## Dataset records
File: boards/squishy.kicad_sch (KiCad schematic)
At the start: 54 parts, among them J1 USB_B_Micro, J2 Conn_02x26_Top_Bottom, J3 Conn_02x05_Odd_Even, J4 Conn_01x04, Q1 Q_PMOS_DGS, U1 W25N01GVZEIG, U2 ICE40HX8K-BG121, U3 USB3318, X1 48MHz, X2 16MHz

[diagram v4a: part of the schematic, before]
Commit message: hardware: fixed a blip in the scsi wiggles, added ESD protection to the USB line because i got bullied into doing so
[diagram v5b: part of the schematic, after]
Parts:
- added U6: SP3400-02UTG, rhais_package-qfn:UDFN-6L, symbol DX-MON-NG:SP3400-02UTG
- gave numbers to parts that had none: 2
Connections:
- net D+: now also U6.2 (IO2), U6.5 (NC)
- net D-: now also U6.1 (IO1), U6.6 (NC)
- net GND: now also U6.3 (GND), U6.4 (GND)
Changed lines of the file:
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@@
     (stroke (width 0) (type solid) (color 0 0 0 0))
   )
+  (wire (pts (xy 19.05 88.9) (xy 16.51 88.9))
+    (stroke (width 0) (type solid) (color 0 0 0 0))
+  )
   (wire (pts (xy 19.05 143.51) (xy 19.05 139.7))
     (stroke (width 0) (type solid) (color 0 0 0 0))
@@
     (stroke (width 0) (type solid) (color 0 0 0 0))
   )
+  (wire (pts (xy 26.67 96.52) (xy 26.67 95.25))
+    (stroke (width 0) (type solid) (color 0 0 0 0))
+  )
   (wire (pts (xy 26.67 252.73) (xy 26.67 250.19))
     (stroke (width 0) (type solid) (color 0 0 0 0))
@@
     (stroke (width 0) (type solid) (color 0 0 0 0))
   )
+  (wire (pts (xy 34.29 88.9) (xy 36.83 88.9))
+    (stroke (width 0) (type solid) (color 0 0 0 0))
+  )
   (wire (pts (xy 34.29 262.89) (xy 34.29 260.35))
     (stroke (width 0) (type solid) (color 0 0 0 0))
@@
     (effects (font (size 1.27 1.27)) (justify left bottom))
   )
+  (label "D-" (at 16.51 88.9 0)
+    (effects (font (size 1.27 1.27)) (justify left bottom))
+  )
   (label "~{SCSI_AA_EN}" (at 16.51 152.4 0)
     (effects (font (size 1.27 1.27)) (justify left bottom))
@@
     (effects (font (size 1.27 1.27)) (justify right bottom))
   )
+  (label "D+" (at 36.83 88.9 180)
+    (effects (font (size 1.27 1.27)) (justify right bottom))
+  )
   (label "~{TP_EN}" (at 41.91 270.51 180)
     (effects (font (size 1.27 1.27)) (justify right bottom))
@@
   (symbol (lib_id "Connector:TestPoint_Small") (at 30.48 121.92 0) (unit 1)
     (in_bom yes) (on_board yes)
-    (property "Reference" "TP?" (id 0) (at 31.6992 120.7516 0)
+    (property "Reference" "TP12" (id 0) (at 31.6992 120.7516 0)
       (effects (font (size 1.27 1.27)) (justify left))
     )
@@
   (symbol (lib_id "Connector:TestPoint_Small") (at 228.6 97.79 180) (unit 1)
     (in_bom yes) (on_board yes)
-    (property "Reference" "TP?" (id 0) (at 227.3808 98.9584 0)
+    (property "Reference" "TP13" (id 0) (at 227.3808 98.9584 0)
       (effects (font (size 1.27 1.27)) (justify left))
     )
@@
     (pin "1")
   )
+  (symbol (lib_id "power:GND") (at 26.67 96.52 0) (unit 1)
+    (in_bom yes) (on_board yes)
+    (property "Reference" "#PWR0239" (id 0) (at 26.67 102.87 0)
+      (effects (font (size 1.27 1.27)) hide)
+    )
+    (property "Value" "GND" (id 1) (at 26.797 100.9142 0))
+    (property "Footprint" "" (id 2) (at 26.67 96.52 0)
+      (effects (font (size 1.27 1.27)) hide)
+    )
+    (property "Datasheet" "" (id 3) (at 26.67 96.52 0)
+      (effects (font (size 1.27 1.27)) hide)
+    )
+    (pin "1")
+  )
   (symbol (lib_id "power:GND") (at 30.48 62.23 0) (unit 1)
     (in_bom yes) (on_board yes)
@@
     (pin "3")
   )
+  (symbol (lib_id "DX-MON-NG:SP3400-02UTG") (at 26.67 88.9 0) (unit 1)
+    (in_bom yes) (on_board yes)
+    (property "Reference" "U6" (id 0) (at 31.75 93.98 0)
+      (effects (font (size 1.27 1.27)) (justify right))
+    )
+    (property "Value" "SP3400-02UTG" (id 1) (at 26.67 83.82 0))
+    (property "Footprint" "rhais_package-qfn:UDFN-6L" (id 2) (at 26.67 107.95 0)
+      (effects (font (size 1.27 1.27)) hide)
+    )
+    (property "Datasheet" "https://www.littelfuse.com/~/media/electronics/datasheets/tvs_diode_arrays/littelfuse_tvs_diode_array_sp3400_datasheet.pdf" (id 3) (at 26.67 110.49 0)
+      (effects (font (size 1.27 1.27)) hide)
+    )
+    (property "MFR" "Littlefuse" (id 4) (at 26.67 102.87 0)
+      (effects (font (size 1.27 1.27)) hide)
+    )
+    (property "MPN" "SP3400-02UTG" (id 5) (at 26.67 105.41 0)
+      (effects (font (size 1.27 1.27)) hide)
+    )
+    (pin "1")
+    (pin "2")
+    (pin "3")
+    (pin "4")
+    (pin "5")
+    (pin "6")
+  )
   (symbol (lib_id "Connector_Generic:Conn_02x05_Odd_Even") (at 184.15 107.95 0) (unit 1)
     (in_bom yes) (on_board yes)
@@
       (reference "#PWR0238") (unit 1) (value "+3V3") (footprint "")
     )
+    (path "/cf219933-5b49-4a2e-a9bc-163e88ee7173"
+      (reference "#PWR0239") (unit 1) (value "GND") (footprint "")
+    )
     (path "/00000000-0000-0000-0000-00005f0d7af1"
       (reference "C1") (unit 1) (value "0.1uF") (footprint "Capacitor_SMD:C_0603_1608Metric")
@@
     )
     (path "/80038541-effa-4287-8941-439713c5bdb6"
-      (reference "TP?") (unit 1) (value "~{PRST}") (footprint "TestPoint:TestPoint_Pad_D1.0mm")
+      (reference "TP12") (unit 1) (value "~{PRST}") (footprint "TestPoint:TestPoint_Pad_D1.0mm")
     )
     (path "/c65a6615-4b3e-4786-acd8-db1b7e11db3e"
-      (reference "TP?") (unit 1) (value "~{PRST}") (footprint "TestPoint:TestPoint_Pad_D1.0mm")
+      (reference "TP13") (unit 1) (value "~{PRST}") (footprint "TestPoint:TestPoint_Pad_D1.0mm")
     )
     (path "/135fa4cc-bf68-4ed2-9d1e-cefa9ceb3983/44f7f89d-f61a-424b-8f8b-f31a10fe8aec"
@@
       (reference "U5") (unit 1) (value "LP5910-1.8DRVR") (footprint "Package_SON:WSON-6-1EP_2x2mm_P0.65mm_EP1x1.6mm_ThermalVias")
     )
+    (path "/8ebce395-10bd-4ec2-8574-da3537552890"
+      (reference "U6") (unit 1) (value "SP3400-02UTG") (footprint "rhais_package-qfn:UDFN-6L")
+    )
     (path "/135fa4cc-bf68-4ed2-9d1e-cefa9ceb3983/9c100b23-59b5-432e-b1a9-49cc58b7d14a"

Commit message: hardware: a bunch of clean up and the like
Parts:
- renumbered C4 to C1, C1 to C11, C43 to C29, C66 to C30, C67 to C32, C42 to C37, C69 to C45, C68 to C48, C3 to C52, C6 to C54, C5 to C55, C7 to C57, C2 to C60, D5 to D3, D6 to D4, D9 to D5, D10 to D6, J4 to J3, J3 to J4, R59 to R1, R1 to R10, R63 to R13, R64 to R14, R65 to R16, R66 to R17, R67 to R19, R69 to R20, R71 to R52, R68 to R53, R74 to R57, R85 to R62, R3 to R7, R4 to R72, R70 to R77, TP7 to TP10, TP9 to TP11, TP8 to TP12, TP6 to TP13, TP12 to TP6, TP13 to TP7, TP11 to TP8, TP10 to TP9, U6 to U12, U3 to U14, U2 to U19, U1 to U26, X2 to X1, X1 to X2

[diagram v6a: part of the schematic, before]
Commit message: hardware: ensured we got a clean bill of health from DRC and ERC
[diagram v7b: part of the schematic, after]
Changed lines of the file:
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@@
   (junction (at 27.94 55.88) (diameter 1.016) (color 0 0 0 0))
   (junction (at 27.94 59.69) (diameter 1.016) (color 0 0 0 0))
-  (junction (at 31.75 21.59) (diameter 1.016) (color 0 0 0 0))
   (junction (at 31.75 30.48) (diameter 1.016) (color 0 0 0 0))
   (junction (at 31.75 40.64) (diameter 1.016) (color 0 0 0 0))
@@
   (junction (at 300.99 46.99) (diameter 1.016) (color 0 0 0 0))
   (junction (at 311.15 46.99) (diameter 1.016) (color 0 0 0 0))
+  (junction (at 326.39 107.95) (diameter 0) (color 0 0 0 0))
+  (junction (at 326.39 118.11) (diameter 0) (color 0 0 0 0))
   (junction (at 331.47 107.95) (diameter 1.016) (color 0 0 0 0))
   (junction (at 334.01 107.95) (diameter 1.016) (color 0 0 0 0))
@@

## Exercise objective
In the entries above, find each line with "hardware" and list it.

## Exercise output
Commit message: hardware: fixed a blip in the scsi wiggles, added ESD protection to the USB line because i got bullied into doing so
Commit message: hardware: a bunch of clean up and the like
Commit message: hardware: ensured we got a clean bill of health from DRC and ERC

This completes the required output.